Before getting into the details, she makes three fundamental points:

1. The ballots were never in her car.

2. The ballots were never in anyone’s car for several days.

3. The ballots were never lost or forgotten, and spent Election Night until counting day in secure city facilities.

The sorting hats
OK, so were the ballots ever in a car?

Yes. But stow the outrage until you hear the details.

As most folks know, there were a ton of absentee ballots this year. State law mandates voters return absentee ballots to elections offices, such as the Government Center or City Hall. Officials then must deliver the ballots to individual precincts on Election Day for tallying. 

Since the “Star Trek” teleporter has not yet been invented, these ballots are driven to the polling places.

Yes, in cars — like they are every year, throughout Minnesota. (Ramsey County officials confirm they do this, too, for example.)

“What I find ludicrous is that this goes on all around the state,” Reichert says. “If we could process them [at City Hall] we’d love to do that.”

In Minneapolis, the cargo is transported by “precinct support judges,” one for each ward. Seven of the city’s 2008 “PSJs” were declared Democrats, three Republican, two independents and one listed no affiliation.

At about 7 p.m. Election Night, the county sent the city a batch of “uniformed overseas citizens” absentee ballots — from military personnel and Minnesotans living abroad.

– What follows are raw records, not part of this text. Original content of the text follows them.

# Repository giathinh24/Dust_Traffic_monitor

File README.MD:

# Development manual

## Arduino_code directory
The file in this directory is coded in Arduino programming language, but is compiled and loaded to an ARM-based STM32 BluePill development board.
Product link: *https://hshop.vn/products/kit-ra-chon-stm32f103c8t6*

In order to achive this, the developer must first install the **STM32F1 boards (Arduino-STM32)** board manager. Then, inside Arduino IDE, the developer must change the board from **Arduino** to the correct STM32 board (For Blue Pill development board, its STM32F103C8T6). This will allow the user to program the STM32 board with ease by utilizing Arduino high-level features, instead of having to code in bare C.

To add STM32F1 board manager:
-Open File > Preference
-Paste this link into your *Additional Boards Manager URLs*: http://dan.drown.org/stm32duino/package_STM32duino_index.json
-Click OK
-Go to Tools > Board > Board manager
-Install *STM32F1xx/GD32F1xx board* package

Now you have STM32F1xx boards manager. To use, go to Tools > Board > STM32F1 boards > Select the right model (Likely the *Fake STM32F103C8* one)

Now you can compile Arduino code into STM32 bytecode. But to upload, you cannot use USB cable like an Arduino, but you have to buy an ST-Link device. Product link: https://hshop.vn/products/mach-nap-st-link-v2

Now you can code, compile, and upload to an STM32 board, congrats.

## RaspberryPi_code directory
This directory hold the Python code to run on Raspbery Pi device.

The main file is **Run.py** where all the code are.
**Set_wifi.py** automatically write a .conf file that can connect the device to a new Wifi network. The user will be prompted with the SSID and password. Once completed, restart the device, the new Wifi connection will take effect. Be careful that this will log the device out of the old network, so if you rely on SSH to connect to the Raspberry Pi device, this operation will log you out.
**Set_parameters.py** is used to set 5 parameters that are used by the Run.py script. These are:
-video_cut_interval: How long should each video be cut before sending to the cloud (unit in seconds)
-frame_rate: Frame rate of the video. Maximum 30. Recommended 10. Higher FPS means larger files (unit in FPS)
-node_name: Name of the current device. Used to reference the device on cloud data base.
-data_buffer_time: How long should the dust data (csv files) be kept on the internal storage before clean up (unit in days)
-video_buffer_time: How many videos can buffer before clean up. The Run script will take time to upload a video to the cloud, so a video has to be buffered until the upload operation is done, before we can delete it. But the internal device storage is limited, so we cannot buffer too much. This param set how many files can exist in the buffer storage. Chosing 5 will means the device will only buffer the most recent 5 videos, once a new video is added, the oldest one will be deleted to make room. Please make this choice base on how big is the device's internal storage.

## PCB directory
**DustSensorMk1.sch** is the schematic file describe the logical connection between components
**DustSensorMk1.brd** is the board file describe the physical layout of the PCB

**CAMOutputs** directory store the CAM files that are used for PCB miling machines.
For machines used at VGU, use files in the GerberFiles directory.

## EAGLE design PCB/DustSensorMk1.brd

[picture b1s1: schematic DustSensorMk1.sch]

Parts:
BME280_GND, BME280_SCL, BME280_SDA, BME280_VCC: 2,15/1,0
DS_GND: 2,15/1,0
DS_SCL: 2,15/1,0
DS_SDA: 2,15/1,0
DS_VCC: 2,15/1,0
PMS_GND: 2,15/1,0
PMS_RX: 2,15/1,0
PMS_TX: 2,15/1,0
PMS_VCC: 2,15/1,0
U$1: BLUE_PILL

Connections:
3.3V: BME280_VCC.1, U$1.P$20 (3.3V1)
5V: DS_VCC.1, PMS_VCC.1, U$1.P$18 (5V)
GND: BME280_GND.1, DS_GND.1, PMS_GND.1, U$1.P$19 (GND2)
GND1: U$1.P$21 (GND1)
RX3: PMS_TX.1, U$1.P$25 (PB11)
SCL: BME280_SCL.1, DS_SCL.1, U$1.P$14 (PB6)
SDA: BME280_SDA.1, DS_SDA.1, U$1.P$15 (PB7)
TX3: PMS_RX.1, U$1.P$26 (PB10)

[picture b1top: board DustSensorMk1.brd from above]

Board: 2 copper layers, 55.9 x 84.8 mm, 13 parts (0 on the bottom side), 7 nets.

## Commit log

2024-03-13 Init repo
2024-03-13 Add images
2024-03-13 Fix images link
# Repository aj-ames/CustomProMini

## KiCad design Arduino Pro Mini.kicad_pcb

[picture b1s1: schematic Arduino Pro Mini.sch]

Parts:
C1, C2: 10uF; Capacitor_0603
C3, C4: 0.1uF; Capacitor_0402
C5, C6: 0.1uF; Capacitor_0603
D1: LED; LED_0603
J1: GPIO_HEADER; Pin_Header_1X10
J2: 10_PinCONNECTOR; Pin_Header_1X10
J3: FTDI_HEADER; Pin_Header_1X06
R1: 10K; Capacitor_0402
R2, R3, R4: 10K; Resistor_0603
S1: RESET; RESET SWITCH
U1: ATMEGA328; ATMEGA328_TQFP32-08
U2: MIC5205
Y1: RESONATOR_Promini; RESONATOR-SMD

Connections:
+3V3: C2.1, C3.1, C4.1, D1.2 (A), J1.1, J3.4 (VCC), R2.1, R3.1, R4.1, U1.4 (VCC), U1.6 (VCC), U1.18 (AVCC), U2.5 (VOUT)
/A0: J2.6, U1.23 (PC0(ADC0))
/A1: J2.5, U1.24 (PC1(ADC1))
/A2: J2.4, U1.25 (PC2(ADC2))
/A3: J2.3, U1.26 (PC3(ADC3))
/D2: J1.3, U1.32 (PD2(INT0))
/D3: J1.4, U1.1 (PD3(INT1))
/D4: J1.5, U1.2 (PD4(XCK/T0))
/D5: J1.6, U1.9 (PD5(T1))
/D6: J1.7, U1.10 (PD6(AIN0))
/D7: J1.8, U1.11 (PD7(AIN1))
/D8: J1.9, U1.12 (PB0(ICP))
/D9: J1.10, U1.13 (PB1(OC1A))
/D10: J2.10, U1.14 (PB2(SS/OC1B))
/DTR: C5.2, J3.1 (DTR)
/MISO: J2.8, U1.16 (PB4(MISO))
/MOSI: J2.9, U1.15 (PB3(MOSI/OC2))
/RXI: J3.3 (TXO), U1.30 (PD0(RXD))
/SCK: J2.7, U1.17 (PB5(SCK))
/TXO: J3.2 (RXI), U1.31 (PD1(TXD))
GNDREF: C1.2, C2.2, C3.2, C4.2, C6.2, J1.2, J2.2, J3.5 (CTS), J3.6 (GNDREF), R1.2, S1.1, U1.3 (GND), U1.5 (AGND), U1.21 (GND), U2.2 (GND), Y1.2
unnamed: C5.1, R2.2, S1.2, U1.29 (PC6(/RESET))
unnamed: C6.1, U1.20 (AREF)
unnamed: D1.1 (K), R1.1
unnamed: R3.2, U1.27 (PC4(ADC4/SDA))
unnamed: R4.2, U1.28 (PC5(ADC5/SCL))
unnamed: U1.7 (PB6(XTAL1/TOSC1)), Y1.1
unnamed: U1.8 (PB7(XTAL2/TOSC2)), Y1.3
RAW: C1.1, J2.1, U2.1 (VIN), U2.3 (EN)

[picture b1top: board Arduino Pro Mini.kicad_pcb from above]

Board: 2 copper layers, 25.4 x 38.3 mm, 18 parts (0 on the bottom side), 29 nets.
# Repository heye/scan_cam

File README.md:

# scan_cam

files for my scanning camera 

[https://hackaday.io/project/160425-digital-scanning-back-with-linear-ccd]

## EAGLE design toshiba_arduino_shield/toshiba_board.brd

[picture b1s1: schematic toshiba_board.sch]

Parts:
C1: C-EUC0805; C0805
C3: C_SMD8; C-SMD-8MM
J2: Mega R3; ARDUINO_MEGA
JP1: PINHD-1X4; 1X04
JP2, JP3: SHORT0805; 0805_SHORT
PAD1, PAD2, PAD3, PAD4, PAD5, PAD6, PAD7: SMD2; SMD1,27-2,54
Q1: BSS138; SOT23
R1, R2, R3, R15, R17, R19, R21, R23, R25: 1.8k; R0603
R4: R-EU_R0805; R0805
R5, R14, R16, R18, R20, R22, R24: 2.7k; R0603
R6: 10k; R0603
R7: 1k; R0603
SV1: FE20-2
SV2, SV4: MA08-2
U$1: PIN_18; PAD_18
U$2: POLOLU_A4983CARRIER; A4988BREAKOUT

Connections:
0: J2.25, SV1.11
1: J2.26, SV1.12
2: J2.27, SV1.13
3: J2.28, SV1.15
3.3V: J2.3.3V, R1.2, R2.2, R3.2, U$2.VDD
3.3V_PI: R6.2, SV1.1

The ballots have two envelopes — an outer one with basic registration information, and an inner security envelope with the actual vote.

City Hall staff checks the outer envelope to assure registration validity. They then sort the envelopes into 131 Minneapolis precincts for delivery.

Ballots are further sorted byfive differing absentee-voting instructions. (For example, some electronically delivered overseas ballots don’t come back in machine-readable form, so precinct judges must transcribe them onto optically scannable sheets.)

Then they have to be handed to the PSJs, who have to travel a 10- or 11-precinct circuit so judges on-site can open the inner security envelope and cast the vote.

For this final batch, it all had to happen in as little as an hour.

Driving the ballots
The drivers went out about 7:30 p.m. Reichert soon heard from some who were worried they might not get to every precinct before closing. Once a precinct judge removes a tallying machine memory card, votes can no longer be counted there.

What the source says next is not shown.